Kyligence / kylin-docker

This repository trackes the code and files for building docker image with Apache Kylin.
Apache License 2.0
125 stars 52 forks source link

Kylin on Docker

This repository trackes the code and files for building docker images with Apache Kylin.

Please note: this is the master branch, which doesn't have the scripts and Dockerfile; You need checkout the specific branch which named with Kylin version and Hadoop release name.

Background

Apache Kylin is an open source Distributed Analytics Engine designed to provide SQL interface and multi-dimensional analysis (OLAP) on Hadoop supporting extremely large datasets. For more information you can visit Kylin home page at http://kylin.apache.org

Usually Kylin is deployed in a dedicated Hadoop client node, on which the Hadoop, HBase, Hive and other clients have been properly configured to communicate with the cluster; Kylin will use the client Jars and configuration files to work with other components; Besides, all Kylin metadata and cube data are persistended in HBase and HDFS, not in local, so all these make it very reasonable to build Kylin as a docker image for quick deploy.

How to make it

The main idea is building Hadoop/HBase/Hive clients and Kylin binary package into one image; User can pull this image, and then just add client configuration files like core-site.xml, hdfs-site.xml, yarn-site.xml, hbase-site.xml, hive-site.xml and kylin.properties to the effective paths to make a new image (has verified), or upload these files during starting up (not verified yet);

Before start, you need do some preparations:

Steps

Below is a sample of building and running a docker image for Hortonworks HDP 2.2 cluster.

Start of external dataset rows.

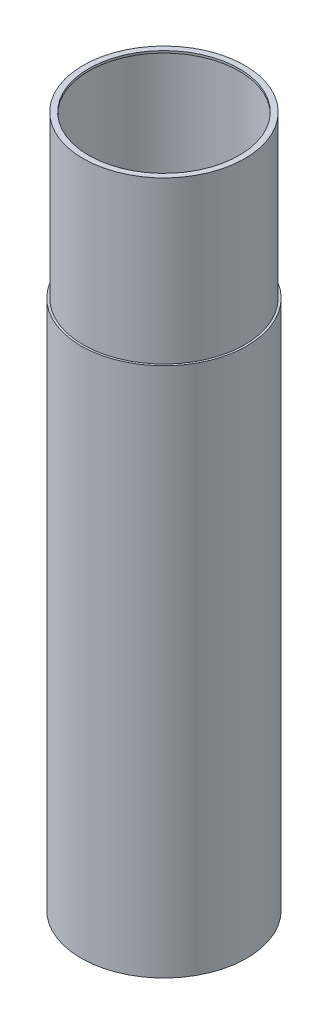
SolidWorks part; units mm, degrees
material "A-Glass Fiber"
ref_plane "Front Plane" through (0, 0, 0) normal (0, 0, 1) x (1, 0, 0)
ref_plane "Top Plane" through (0, 0, 0) normal (0, 1, 0) x (1, 0, 0)
ref_plane "Right Plane" through (0, 0, 0) normal (1, 0, 0) x (0, 0, -1)
sketch "Sketch1" plane through (0, 0, 0) normal (0, 0, 1) x (1, 0, 0)
  line L0 (78.16, 0) -> (78.16, 500)
  line L1 (76.2, 0) -> (76.2, 500)
  line L2 (78.16, 500) -> (76.2, 500)
  line L3 (76.2, 0) -> (78.16, 0)
  line L4 (0, 204.6154) -> (0, 85.8935) construction
  dimension "D1" = 76.2
  dimension "D2" = 500
  dimension "D3" = 1.96
revolve "Revolve1" add sketch "Sketch1" angle 360 about L4
sketch "Sketch3" plane through (0, 500, 0) normal (0, 1, 0) x (1, 0, 0)
  circle A2 centre (0, 0) radius 76.2 construction
  circle A3 centre (0, 0) radius 76.2
  circle A4 centre (0, 0) radius 75.2
  dimension "D1" = 1
extrude "Boss-Extrude1" add sketch "Sketch3" along normal blind 152 and the other way blind 152
sketch "Sketch4" plane through (0, 652, 0) normal (0, 1, 0) x (1, 0, 0)
  circle A0 centre (0, 0) radius 76.2
  circle A1 centre (0, 0) radius 70.915
extrude "Boss-Extrude2" add sketch "Sketch4" against normal blind 2
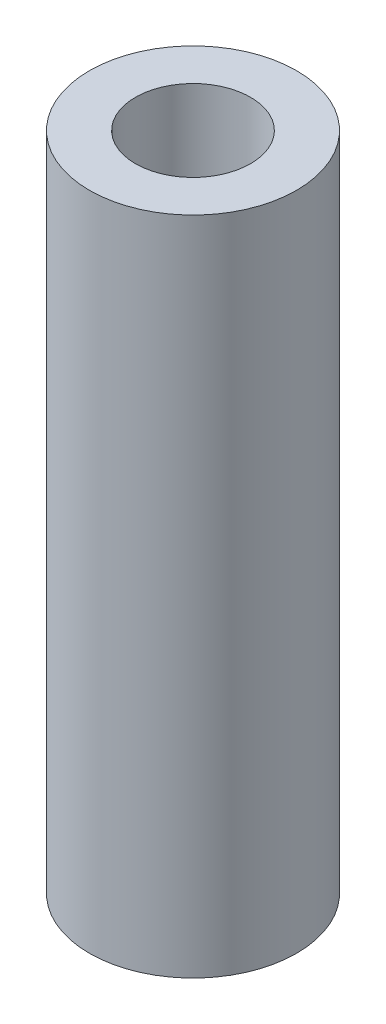
SolidWorks part; units mm, degrees
ref_plane "Front Plane" through (0, 0, 0) normal (0, 0, 1) x (1, 0, 0)
ref_plane "Top Plane" through (0, 0, 0) normal (0, 1, 0) x (1, 0, 0)
ref_plane "Right Plane" through (0, 0, 0) normal (1, 0, 0) x (0, 0, -1)
sketch "Sketch1" plane through (0, 0, 0) normal (0, 1, 0) x (1, 0, 0)
  circle A2 centre (0, 0) radius 3.175
  circle A4 centre (0, 0) radius 5.715
  dimension "D3" = 6.35
  dimension "D1" = 2.54
extrude "Boss-Extrude1" add sketch "Sketch1" along normal mid plane 36.449
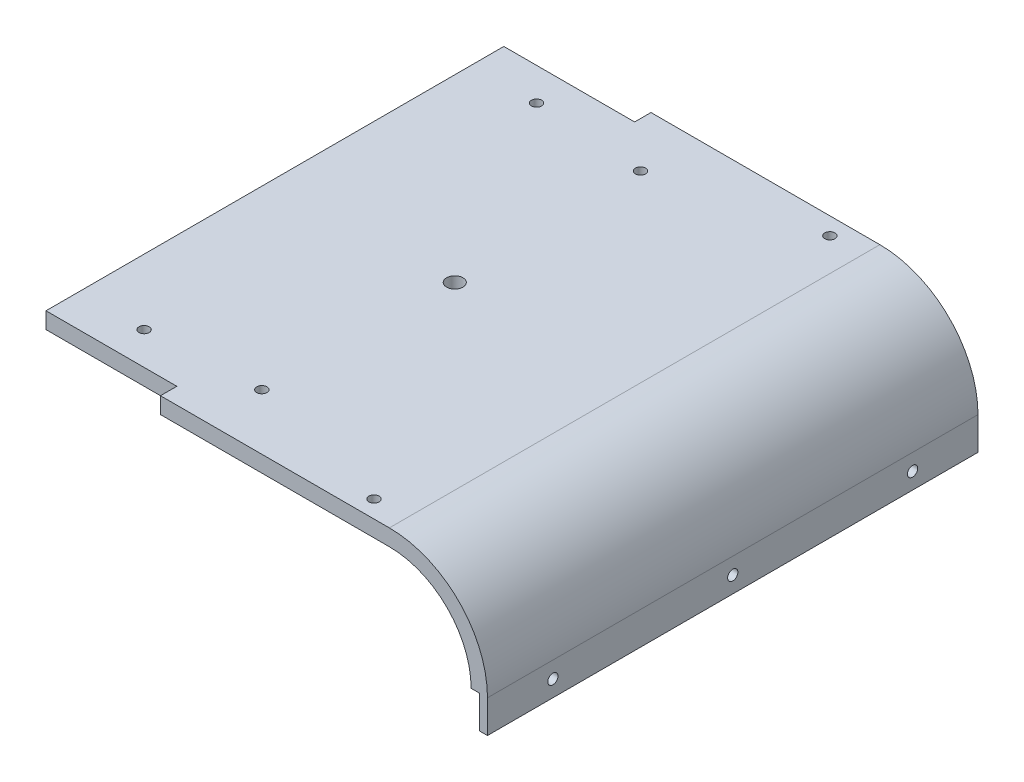
SolidWorks part; units mm, degrees
ref_plane "Front Plane" through (0, 0, 0) normal (0, 0, 1) x (1, 0, 0)
ref_plane "Top Plane" through (0, 0, 0) normal (0, 1, 0) x (1, 0, 0)
ref_plane "Right Plane" through (0, 0, 0) normal (1, 0, 0) x (0, 0, -1)
sketch "Sketch1" plane through (0, 0, 0) normal (0, 0, 1) x (1, 0, 0)
  line L0 (-139.7, 0) -> (139.7, 0)
  line L1 (139.7, 0) -> (139.7, -152.4) construction
  line L2 (139.7, -76.2) -> (215.9, -76.2) construction
  line L3 (-139.7, -12.7) -> (139.7, -12.7)
  line L4 (-139.7, 0) -> (-139.7, -12.7)
  line L5 (215.9, -76.2) -> (203.2, -76.2)
  circle A0 centre (139.7, -76.2) radius 76.2 construction
  arc A1 (139.7, 0) -> (215.9, -76.2) centre (139.7, -76.2) cw
  arc A2 (139.7, -12.7) -> (203.2, -76.2) centre (139.7, -76.2) cw
  point P4 (0, 0)
  dimension "D1" = 152.4
  dimension "D2" = 355.6
  dimension "D3" = 12.7
extrude "Boss-Extrude1" add sketch "Sketch1" along normal blind 190.5 and the other way blind 190.5
sketch "Sketch2" plane through (0, -76.2, 0) normal (0, -1, 0) x (1, 0, 0)
  line L0 (203.2, 190.5) -> (215.9, 190.5) construction
  line L1 (209.55, 190.5) -> (215.9, 190.5)
  line L2 (209.55, 190.5) -> (209.55, -190.5)
  line L3 (209.55, -190.5) -> (215.9, -190.5)
  line L4 (215.9, 190.5) -> (215.9, -190.5)
extrude "Boss-Extrude2" add sketch "Sketch2" along normal blind 25.4
sketch "Sketch3" plane through (215.9, 0, 0) normal (1, 0, 0) x (0, 0, -1)
  line L0 (-190.5, -88.9) -> (190.5, -88.9) construction
  line L1 (-190.5, -101.6) -> (-190.5, -76.2) construction
  line L2 (190.5, -101.6) -> (190.5, -76.2) construction
  line L3 (0, -76.2) -> (0, -101.6) construction
  line L4 (190.5, -76.2) -> (-190.5, -76.2) construction
  line L5 (190.5, -101.6) -> (-190.5, -101.6) construction
  line L6 (139.7, -76.2) -> (139.7, -101.6) construction
  line L7 (-139.7, -76.2) -> (-139.7, -101.6) construction
  circle A0 centre (-139.7, -88.9) radius 3.9687
  circle A1 centre (0, -88.9) radius 3.9687
  circle A2 centre (139.7, -88.9) radius 3.9687
  dimension "D3" = 7.9375
  dimension "D1" = 139.7
  dimension "D2" = 139.7
extrude "Cut-Extrude1" cut sketch "Sketch3" against normal blind 25.4
sketch "Sketch4" plane through (0, 0, 0) normal (0, 1, 0) x (1, 0, 0)
  circle A0 centre (0, 0) radius 6.35
  dimension "D1" = 12.7
extrude "Cut-Extrude2" cut sketch "Sketch4" against normal blind 17.78
sketch "Sketch5" plane through (0, 0, 0) normal (0, 1, 0) x (1, 0, 0)
  line L0 (139.7, 0) -> (114.3, 0) construction
  line L1 (139.7, 190.5) -> (139.7, -190.5) construction
  line L2 (-139.7, 190.5) -> (-139.7, -190.5) construction
  line L3 (-2.794, 0) -> (-2.794, -147.066) construction
  line L4 (114.3, 177.8) -> (114.3, -177.8) construction
  line L5 (-114.3, -177.8) -> (-114.3, 177.8) construction
  line L6 (139.7, -190.5) -> (-139.7, -190.5) construction
  line L7 (-114.3, 0) -> (-139.7, 0) construction
  line L8 (-114.3, 0) -> (0, 0) construction
  line L9 (0, 0) -> (114.3, 0) construction
  line L12 (-114.3, -177.8) -> (-139.7, -177.8)
  line L13 (-139.7, -177.8) -> (-139.7, -190.5)
  line L14 (-139.7, -190.5) -> (-38.1, -190.5)
  line L15 (-38.1, -190.5) -> (-38.1, -177.8)
  line L16 (-38.1, -177.8) -> (-114.3, -177.8)
  line L27 (-38.1, 190.5) -> (-38.1, 177.8)
  line L28 (-139.7, 190.5) -> (-38.1, 190.5)
  line L29 (-139.7, 177.8) -> (-139.7, 190.5)
  line L30 (-114.3, 177.8) -> (-139.7, 177.8)
  line L31 (-38.1, 177.8) -> (-114.3, 177.8)
  line L32 (139.7, 190.5) -> (-139.7, 190.5) construction
  line L33 (-2.794, 0) -> (-2.794, 147.066) construction
  line L34 (-88.9, 152.4) -> (-88.9, -152.4) construction
  circle A3 centre (114.3, -177.038) radius 3.937
  circle A4 centre (114.3, 177.038) radius 3.937
  circle A5 centre (-2.794, -147.066) radius 3.937
  circle A6 centre (-2.794, 147.066) radius 3.937
  circle A7 centre (-88.9, -152.4) radius 3.937
  circle A8 centre (-88.9, 152.4) radius 3.937
  point P11 (0, 0)
  point P15 (114.3, 0)
  point P18 (-114.3, 0)
  dimension "D3" = 13.462
  dimension "D2" = 7.874
  dimension "D8" = 7.874
  dimension "D12" = 7.874
  dimension "D13" = 50.8
  dimension "D1" = 12.7
  dimension "D4" = 101.6
  dimension "D5" = 13.462
  dimension "D6" = 114.3
  dimension "D7" = 43.434
  dimension "D9" = 136.906
  dimension "D10" = 38.1
  dimension "D11" = 38.1
extrude "Cut-Extrude3" cut sketch "Sketch5" against normal through all

  1. Collect the client configuration files Get the *-site.xml files from a working Hadoop client node, to a local folder say "~/hadoop-conf/";

  2. Prepare kylin.properties

    The kylin.properties file is the main configuration file for Kylin; you need prepare such a file and put it to the "~/hadoop-conf/" folder, together with other conf files; suggest to double check the parameters in it; e.g, the "kylin.metadata.url" points to the right metadata table, "kylin.hdfs.working.dir" is an existing HDFS folder and you have permission to write, etc.

  3. Clone this repository, checkout the correct branch;

    git clone https://github.com/Kyligence/kylin-docker  
    cd kylin-docker  
    git checkout kylin152-hdp22  
  4. Copy the client configuration files to "kylin-docker/conf" folder, overwriting those template files;

    cp -rf ~/hadoop-conf/* conf/
  5. Build docker image, which may take a while, just take a cup of tea;

    docker build -t kyligence/kylin:152 .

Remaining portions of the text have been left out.